* _About this task_: Below, find each line holding "between" and state how many there are, using the number alone.

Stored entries
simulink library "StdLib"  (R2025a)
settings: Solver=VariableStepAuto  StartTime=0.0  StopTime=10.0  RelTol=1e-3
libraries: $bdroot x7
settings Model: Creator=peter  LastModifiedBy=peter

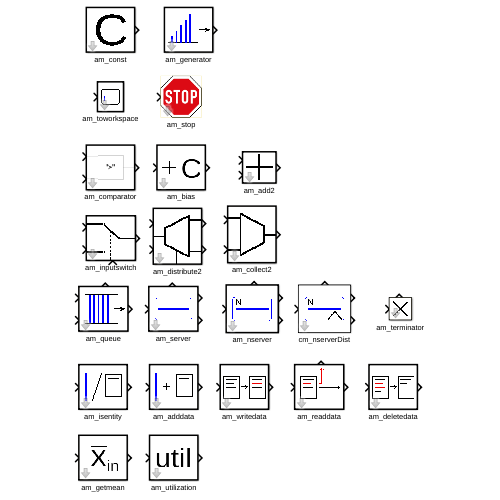
[thumbnail: Simulink's stored preview of the top-level diagram]
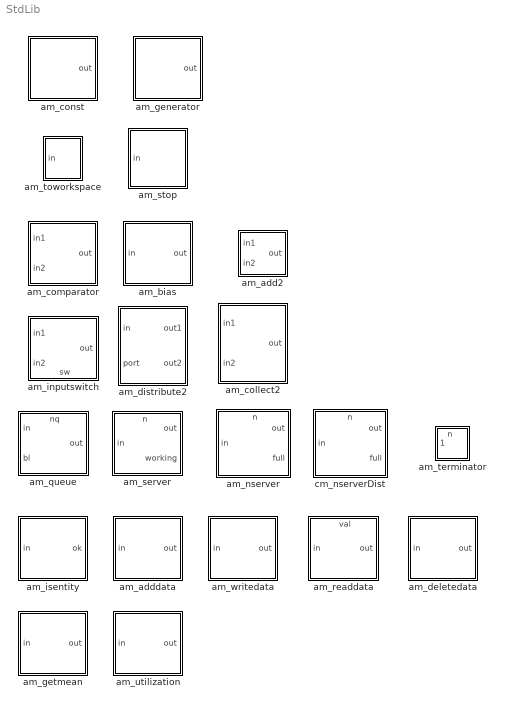
== system StdLib ==
  am_add2 : Subsystem  TreatAsAtomicUnit=on  mask(Add2){tau=[0,1], debug=0}
      mask help: Adds two inputs.
      mask Help:
      | <p>Adds two inputs.</p>
      | 
      | <p>Ports
      | <ul>
      | <li>inputs:
      |   <ul>
      |     <li>in1/2: incoming values</li>
      |   </ul>
      | </li>
      | <li>outputs:
      |   <ul>
      |     <li>out: sum of input values</li>
      |   </ul>
      | </li>
      | </ul>
      | </p>
      | 
      | <p>System Parameters
      | <ul>
      | <li>tau:   infinitesimal delay</li>
      | <li>debug: flag to enable debug information</li>
      | </ul>
      | </p>
      | 
      | <p>States
      | <ul>
      | <li>s:  running</li>
      | <li>in1/2:  current input values</li>
      | </ul>
      | </p>
      mask DialogControl Container5 Prompt: Advanced
      mask Display: image('icon_add2.png');
  am_adddata : Subsystem  TreatAsAtomicUnit=on  mask(Adddata){fields=["name", "age"], values=["Peter", 42], numeric=[false, true], infield="id", tau=[0,1], debug=0}
      mask prompts: fields "field names"; values "field values"; numeric "flags to denote numeric values"; infield "field name of input value"
      mask help: Adds data fields to the input object.
      mask Help:
      | <p>Adds data fields to the input object.<br>
      | If the input is a struct, the new fields are added to the struct.
      | Otherwise a new struct is created and the incoming value is stored in an extra field.</p>
      | 
      | <p>Ports
      | <ul>
      | <li>inputs:
      |   <ul>
      |     <li>in: incoming value</li>
      |   </ul>
      | </li>
      | <li>outputs:
      |   <ul>
      |     <li>out: outgoing entity</li>
      |   </ul>
      | </li>
      | </ul>
      | </p>
      | 
      | <p>System Parameters
      | <ul>
      | <li>fields:  vector of new field names</li>
      | <li>values:  vector of corresponding values</li>
      | <li>numeric:  vector of booleans denoting numerical fields</li>
      | <li>infield:  field name for incoming value (if not a struct)</li>
      | <li>tau:   infinitesimal delay</li>
      | <li>debug: flag to enable debug information</li>
      | </ul>
      | </p>
      | 
      | <p>States
      | <ul>
      | <li>s:   running</li>
      | </ul>
      | </p>
      mask DialogControl Container4 Prompt: General
      mask DialogControl Container5 Prompt: Advanced
      mask Display: image('icon_adddata.png');
  am_bias : Subsystem  TreatAsAtomicUnit=on  mask(Gain){bias=1, tau=[0,1], debug=0}
      mask help: Adds a parameter value to its input.
      mask Help:
      | <p>Adds a parameter value to its input.</p>
      | 
      | <p>Ports
      | <ul>
      | <li>inputs:
      |   <ul>
      |     <li>in: incoming value</li>
      |   </ul>
      | </li>
      | <li>outputs:
      |   <ul>
      |     <li>out: outgoing value</li>
      |   </ul>
      | </li>
      | </ul>
      | </p>
      | 
      | <p>System Parameters
      | <ul>
      | <li>bias:  constant added to input</li>
      | <li>debug: flag to enable debug information</li>
      | <li>tau:   infinitesimal delay</li>
      | </ul>
      | </p>
      | 
      | <p>States
      | <ul>
      | <li>s:   running</li>
      | </ul>
      | </p>
      mask DialogControl Container4 Prompt: General
      mask DialogControl Container5 Prompt: Advanced
      mask Display: image('icon_bias.png');
  am_collect2 : Subsystem  TreatAsAtomicUnit=on  mask(Collect2){tD=[0,2], tau=[0,1], debug=0}
      mask prompts: tD "delay time of the go state"
      mask help: Collects entities from two inputs into one output.
      mask Help:
      | <p>Collects entities from two inputs into one output.</p>
      | 
      | <p>Ports
      | <ul>
      | <li>inputs:
      |   <ul>
      |     <li>in1/2: incoming entities</li>
      |   </ul>
      | </li>
      | <li>outputs:
      |   <ul>
      |     <li>out: outgoing entities</li>
      |   </ul>
      | </li>
      | </ul>
      | </p>
      | 
      | <p>System Parameters
      |  <ul>
      | <li>tD:   delay time of the go state</li>
      | <li>tau:   input delay</li>
      | <li>debug: flag to enable debug information</li>
      | </ul>
      | </p>
      | 
      |  <p>States
      | <ul>
      | <li>s:   idle|go</li>
      | <li>q:  vector of arrived entities</li>
      | </ul>
      | </p>
      mask DialogControl Container5 Prompt: Advanced
      mask Display: image('icon_combine2.png');
  am_comparator : Subsystem  TreatAsAtomicUnit=on  mask(Comparator){compop=">", tau=[0,1], debug=0}
      mask prompts: compop "compare operation"
      mask help: Returns 1 if in >= 0, else 0.
      mask Help:
      | <p>Returns 1 if in >= 0, else 0.</p>
      | 
      | <p>Ports
      | <ul>
      | <li>inputs:
      |   <ul>
      |     <li>in: incoming value</li>
      |   </ul>
      | </li>
      | <li>outputs:
      |   <ul>
      |     <li>out: result value</li>
      |   </ul>
      | </li>
      | </ul>
      | </p>
      | 
      | <p>System Parameters
      | <ul>
      | <li>debug: flag to enable debug information</li>
      | <li>tau:   infinitesimal delay</li>
      | </ul>
      | </p>
      | 
      | <p>States
      | <ul>
      | <li>s:   running</li>
      | </ul>
      | </p>
      mask TypeOptions compop: ">" | "<" | ">=" | "<=" | "==" | "~="
      mask DialogControl Container7 Prompt: General
      mask DialogControl Container6 Prompt: Advanced
  am_const : Subsystem  TreatAsAtomicUnit=on  mask(Const){value=1, sendTime=[0,1], debug=0}
      mask prompts: value "constant value"; sendTime "sending time"
      mask help: Sends constant output at given (usually initial) time.
      mask Help:
      | <p>Sends constant output at given (usually initial) time.</p>
      | 
      | <p>Ports
      | <ul>
      | <li>inputs: none</li>
      | <li>outputs:
      |   <ul>
      |     <li>out: given value</li>
      |   </ul>
      | </li>
      | </ul>
      | </p>
      | 
      | <p>System Parameters
      | <ul>
      | <li>name:  object name</li>
      | <li>value:  constant value</li>
      | <li>sendTime:  time, when value is sent (usually tau)</li>
      | <li>debug: flag to enable debug information</li>
      | </ul>
      | </p>
      | 
      | <p>States
      | <ul>
      | <li>s:   running/ready</li>
      | </ul>
      | </p>
      mask DialogControl Container4 Prompt: General
      mask DialogControl Container5 Prompt: Advanced
      mask Display: image('icon_const.png');
  am_deletedata : Subsystem  TreatAsAtomicUnit=on  mask(Deletedata){fields="tS", tau=[0,1], debug=0}
      mask prompts: fields "fields to delete"
      mask help: Deletes data fields from the input object.
      mask Help:
      | <p>Deletes data fields from the input object.</p>
      | 
      | <p>Ports
      | <ul>
      | <li>inputs:
      |   <ul>
      |     <li>in: incoming entity</li>
      |   </ul>
      | </li>
      | <li>outputs:
      |   <ul>
      |     <li>out: outgoing entity</li>
      |   </ul>
      | </li>
      | </ul>
      | </p>
      | 
      | <p>System Parameters
      | <ul>
      | <li>fields:   vector of field names to be deleted</li>
      | <li>tau:   infinitesimal delay</li>
      | <li>debug: flag to enable debug information</li>
      | </ul>
      | </p>
      | 
      | <p>States
      | <ul>
      | <li>s:   running</li>
      | </ul>
      | </p>
      mask DialogControl Container4 Prompt: General
      mask DialogControl Container5 Prompt: Advanced
      mask Display: image('icon_deletedata.png');
  am_distribute2 : Subsystem  TreatAsAtomicUnit=on  mask(Distribute2){port0=1, field="", tau=[0,1], debug=0}
      mask prompts: port0 "initial output port"; field "name of field containing the outport port number"
      mask help: Routes entities to one of two outputs according to data field or port input.
      mask Help:
      | <p>Routes entities to one of two outputs according to data field or port input.</p>
      | 
      | <p>Ports
      | <ul>
      | <li>inputs:
      |   <ul>
      |     <li>in: incoming entities</li>
      |     <li>port: next output port</li>
      |   </ul>
      | </li>
      | <li>outputs:
      |   <ul>
      |     <li>out1/2: outgoing entities</li>
      |   </ul>
      | </li>
      | </ul>
      | </p>
      | 
      | <p>System Parameters
      |  <ul>
      | <li>port0:  initial output port</li>
      | <li>field:   name of field containing the outport port number ("": use port input)</li>
      | <li>tau:   infinitesimal delay</li>
      | <li>debug: flag to enable debug information</li>
      | </ul>
      | </p>
      | 
      |  <p>States
      | <ul>
      | <li>s:   running</li>
      | <li>nextPort: output port of new incoming entities</li>
      | </ul>
      | </p>
      mask DialogControl Container4 Prompt: General
      mask DialogControl Container5 Prompt: Advanced
      mask Display: image('icon_distribute2.png');
  am_generator : Subsystem  TreatAsAtomicUnit=on  mask(Generator){tG=1, n0=0, nG=inf, tD=[0,2], debug=0}
      mask prompts: tG "time interval between entities"; n0 "id of the first entity"; nG "number of entities to create"
      mask help: Generates entities with fixed interarrival times and increasing id's.
      mask Help:
      | <p>Generates entities with fixed interarrival times  and increasing id's.</p>
      | <p>Ports
      | <ul>
      | <li>inputs: none</li>
      | 
      | <li> outputs:
      |     out      generated entities</li>
      | </ul>
      | </p>
      | 
      | <p>States
      | <ul>
      | <li>s:  prod  (fix)</li>
      | <li>id: number of next generated entity</li>
      | </ul>
      | </p>
      | 
      | <p>System Parameters
      | <ul>
      | <li>tG: time interval between new entities</li>
      | <li>n0: id of first entity</li>
      | <li>nG: total number of entities created</li>
      | <li>name:  object name</li>
      | <li>tD:    delay between entities, when tG = 0</li>
      | <li>debug: flag to enable debug information</li>
      | </ul>
      | </p>
      mask DialogControl Container4 Prompt: General
      mask DialogControl Container5 Prompt: Advanced
      mask Display: image('icon_generator.png');
  am_getmean : Subsystem  TreatAsAtomicUnit=on  mask(Getmean){tau=[0,1], debug=0}
      mask help: Calculates the mean value of its input values.
      mask Help:
      | <p>Calculates the mean value of its input values.</p>
      | 
      | <p>Ports
      | <ul>
      | <li>inputs:
      |   <ul>
      |     <li>in: numeric values</li>
      |   </ul>
      | </li>
      | <li>outputs:
      |   <ul>
      |     <li>out: arithmetic mean of input values</li>
      |   </ul>
      | </li>
      | </ul>
      | </p>
      | 
      | <p>Parameters
      | <ul>
      | <li>tau:   infinitesimal delay</li>
      | <li>debug: flag to enable debug information</li>
      | </ul>
      | </p>
      | 
      | <p>States
      | <ul>
      | <li>s:  running</li>
      | <li>N:      number of input values</li>
      | <li>sumIn:  sum of input values</li>
      | </ul>
      | </p>
      mask DialogControl Container5 Prompt: Advanced
      mask Display: image('icon_getmean.png');
  am_inputswitch : Subsystem  TreatAsAtomicUnit=on  mask(Inputswitch){port0=1, tau=[0,1], debug=0}
      mask prompts: port0 "initial input port"
      mask help: Routes one of two inputs to the output according to sw input.
      settings: PortSchema="{\"entries\":[{\"content\":{\"sides\":[{\"content\":{\"connectorIds\":[\"In1\",\"In2\"]},\"type\":\"ConnectorPlacement.EquallySpacedRectSide\",\"uuid\":\"a242b9b3-c1e3-46c4-b856-00ac7f2ff705\"},{\"content\":{\"connectorIds\":[\"Out1\"],\"side\":\"RIGHT\"},\"type\":\"ConnectorPlacement.EquallySpacedRectSide\",\"uuid\":\"cb82deda-416f-4da7-8475-a8c2a30fa742\"},{\"content\":{\"side\":\"TOP\"},\"type\":\"ConnectorPlacement.EquallySpacedRectSide\",\"uuid\":\"c8f775a7-6cbc-4f84-8e73-401a596e6b0e\"},{\"content\":{\"connectorIds\":[\"In3\"],\"side\":\"BOTTOM\"},\"type\":\"ConnectorPlacement.EquallySpacedRectSide\",\"uuid\":\"c3e4900c-6da8-4424-858d-e42f34056741\"}]},\"type\":\"ConnectorPlacement.EquallySpacedConnector\",\"uuid\":\"77107f65-3be6-4195-8a3b-00912050e18e\"}],\"packageUris\":[\"http://schema.mathworks.com/mf0/Connector/R2020b\"],\"version\":\"1.0\"}"
      mask Help:
      | <p>Routes input to one of two outputs according to sw input.</p>
      | 
      | <p>Ports
      | <ul>
      | <li>inputs:
      |   <ul>
      |     <li>in1/2: incoming entities</li>
      |     <li>sw: input selector</li>
      |   </ul>
      | </li>
      | <li>outputs:
      |   <ul>
      |     <li>out: outgoing entities</li>
      |   </ul>
      | </li>
      | </ul>
      | </p>
      | 
      | <p>System Parameters
      | <ul>
      | <li>port0:  initial input port</li>
      | <li>tau:   infinitesimal delay</li>
      | <li>debug: flag to enable debug information</li>
      | </ul>
      | </p>
      | 
      | <p>States
      | <ul>
      | <li>s:   running</li>
      | <li>nextPort:  current input port routed to output</li>
      | </ul>
      | </p>
      mask DialogControl Container3 Prompt: General
      mask DialogControl Container4 Prompt: Advanced
      mask Display: image('icon_inputswitch.png');
  am_isentity : Subsystem  TreatAsAtomicUnit=on  mask(Isentity){tau=[0,1], debug=0}
      mask help: Checks, whether the incoming event describes an entity.
      mask Help:
      | <p>Checks, whether the incoming event describes an entity.</p>
      | 
      | <p>Ports
      | <ul>
      | <li>inputs:
      |   <ul>
      |     <li>in: incoming value</li>
      |   </ul>
      | </li>
      | <li>outputs:
      |   <ul>
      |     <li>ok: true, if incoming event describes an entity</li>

* _Answer for this exercise_: 3